不过曼陀罗的花和叶子只要不食用,对人体的伤害也很微弱,所以当时方颜用花烟,她也只是嘱咐最好不要再用。
丁坤泰既然敢明目张胆的给方颜用花烟,必定也是处理过花和叶子,计算过毒性的,若是想用花烟暗害方颜的胎儿也是勉强。

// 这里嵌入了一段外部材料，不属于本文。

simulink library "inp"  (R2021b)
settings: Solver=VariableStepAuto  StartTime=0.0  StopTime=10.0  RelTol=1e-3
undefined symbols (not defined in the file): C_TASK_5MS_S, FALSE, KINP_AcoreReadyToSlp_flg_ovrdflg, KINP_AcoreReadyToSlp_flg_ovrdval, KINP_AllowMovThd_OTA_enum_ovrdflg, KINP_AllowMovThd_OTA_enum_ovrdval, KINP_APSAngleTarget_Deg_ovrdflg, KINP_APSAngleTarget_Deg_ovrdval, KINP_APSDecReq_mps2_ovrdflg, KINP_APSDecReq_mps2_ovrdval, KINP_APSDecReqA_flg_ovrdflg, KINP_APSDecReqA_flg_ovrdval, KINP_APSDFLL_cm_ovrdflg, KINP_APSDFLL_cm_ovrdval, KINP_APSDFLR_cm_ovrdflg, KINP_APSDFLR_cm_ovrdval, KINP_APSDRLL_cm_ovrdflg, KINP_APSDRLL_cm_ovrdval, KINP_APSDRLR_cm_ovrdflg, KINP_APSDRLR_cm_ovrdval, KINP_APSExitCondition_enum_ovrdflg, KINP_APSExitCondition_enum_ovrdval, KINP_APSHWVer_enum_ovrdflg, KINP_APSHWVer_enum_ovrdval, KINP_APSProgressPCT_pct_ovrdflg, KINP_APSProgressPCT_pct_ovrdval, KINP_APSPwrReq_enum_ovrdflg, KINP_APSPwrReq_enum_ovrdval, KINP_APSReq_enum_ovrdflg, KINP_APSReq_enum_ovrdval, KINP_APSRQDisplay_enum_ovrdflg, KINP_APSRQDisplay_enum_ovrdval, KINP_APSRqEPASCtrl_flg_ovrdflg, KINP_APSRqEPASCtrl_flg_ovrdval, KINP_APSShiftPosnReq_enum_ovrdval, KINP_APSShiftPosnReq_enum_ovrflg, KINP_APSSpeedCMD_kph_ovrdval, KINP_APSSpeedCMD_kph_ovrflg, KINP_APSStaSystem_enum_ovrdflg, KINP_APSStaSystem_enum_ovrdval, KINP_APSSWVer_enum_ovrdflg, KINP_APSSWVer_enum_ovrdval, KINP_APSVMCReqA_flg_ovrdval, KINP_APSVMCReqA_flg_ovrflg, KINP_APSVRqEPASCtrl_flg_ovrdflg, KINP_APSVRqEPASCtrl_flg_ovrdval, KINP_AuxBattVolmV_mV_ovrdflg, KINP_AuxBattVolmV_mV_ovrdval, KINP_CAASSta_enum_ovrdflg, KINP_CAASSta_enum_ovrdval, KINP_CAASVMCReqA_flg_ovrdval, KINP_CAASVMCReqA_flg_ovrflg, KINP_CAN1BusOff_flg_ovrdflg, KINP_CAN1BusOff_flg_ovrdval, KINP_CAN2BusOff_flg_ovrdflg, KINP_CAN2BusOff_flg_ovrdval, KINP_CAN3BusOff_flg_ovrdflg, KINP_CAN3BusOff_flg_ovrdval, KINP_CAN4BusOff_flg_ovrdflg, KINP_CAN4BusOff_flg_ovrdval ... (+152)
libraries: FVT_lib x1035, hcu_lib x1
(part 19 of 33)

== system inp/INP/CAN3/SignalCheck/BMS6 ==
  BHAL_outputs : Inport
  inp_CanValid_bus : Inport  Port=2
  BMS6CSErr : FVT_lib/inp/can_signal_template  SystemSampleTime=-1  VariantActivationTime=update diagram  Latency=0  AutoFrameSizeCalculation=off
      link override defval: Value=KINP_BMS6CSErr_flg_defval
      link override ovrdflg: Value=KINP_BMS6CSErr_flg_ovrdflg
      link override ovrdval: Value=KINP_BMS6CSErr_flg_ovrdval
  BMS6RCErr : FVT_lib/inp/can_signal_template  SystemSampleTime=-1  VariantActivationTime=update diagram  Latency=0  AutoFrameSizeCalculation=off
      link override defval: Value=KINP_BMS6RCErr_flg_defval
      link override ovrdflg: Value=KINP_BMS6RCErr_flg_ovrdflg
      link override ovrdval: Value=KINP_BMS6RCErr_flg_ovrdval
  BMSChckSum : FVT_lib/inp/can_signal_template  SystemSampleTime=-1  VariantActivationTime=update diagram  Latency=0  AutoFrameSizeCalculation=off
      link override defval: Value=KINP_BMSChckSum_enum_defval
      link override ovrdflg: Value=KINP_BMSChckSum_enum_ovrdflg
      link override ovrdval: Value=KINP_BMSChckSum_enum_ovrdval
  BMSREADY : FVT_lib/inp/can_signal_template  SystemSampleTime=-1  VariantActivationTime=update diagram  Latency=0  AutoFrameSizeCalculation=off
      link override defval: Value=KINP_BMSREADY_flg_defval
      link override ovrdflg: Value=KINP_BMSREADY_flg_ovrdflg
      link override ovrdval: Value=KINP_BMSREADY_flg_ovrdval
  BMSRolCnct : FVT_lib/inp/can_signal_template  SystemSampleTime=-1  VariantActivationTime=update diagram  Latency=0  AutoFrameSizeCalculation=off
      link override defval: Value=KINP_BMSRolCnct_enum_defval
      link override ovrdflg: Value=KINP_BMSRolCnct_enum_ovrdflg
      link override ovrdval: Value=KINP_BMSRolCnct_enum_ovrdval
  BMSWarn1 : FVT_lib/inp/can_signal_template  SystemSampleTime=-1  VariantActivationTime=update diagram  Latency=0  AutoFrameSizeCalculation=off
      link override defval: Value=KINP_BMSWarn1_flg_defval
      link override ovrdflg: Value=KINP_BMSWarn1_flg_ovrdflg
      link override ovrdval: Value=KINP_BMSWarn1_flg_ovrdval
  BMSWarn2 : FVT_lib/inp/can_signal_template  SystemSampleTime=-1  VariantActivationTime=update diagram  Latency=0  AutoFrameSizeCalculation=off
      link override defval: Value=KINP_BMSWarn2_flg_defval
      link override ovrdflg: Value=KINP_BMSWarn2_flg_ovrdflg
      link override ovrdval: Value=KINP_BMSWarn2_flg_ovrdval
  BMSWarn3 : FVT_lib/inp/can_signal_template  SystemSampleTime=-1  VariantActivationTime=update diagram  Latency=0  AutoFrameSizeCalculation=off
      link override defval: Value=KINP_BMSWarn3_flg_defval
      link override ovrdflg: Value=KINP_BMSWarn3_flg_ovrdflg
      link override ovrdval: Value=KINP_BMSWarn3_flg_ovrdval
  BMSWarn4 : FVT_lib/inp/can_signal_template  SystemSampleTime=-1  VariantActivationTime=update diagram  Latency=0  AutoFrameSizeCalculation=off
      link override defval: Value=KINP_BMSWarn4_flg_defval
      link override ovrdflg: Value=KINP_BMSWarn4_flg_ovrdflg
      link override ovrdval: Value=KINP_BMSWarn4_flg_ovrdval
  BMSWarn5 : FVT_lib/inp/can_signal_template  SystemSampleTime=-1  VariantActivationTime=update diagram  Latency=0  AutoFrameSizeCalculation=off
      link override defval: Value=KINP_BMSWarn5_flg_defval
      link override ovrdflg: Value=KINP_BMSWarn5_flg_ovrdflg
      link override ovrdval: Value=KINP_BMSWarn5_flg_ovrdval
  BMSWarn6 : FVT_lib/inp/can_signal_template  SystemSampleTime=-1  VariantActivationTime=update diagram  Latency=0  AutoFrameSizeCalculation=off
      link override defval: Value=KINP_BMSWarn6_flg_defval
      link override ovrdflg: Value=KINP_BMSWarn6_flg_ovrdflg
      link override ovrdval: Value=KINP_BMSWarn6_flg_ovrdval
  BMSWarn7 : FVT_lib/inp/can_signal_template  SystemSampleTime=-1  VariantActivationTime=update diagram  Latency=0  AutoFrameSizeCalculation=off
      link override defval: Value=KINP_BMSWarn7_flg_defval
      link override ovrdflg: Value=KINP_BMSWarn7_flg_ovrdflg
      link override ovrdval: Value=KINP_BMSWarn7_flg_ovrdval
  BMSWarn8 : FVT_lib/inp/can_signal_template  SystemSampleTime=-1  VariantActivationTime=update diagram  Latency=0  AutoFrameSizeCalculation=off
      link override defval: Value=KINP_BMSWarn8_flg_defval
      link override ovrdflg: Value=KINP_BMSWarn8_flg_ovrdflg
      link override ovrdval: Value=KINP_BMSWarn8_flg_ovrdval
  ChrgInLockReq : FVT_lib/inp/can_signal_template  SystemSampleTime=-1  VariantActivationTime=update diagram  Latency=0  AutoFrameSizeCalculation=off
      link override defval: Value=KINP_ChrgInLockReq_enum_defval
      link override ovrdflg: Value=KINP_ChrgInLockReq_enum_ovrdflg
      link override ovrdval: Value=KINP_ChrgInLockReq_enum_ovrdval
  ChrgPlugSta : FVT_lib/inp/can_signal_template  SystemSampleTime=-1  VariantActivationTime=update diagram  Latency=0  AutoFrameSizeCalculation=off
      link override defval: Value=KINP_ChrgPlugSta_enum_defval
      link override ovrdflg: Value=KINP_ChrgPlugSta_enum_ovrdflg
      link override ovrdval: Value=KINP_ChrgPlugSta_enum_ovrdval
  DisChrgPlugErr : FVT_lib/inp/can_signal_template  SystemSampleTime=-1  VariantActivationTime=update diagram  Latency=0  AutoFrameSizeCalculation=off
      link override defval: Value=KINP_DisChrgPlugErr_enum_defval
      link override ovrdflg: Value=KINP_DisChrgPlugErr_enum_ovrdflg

可是苏纤绾总有一种感觉,问题的根源就是这花烟,可是到底是哪里出了问题呢?
苏纤绾低头将整件事串联起来思索了片刻,眼眸陡然亮了起来。
“丁大夫,那花烟可是用曼陀罗的花和叶子制成的?”
苏纤绾幽幽开口问道。
“没错!你是想说那曼陀罗的花和叶子有毒性对吧!”
丁坤泰听苏纤绾如此问,心中立刻明白苏纤绾想问之事,于是坦坦荡荡的说道,
“花烟的法子的确是小人想的,可是那曼陀罗的花和叶子只要处理的妥当,也不食用,毒性是微乎其微的。况且那曼陀罗的花和叶子也是出府去医馆采买的成品,府中的采办可是为小人作证,并未经过小人的手。”
“所以,你就需要帮手啊!”苏纤绾扯开嘴角笑了一笑,然后淡淡的说道,“那花烟的确是没有经过你的手,可是经过了别人的手啊!”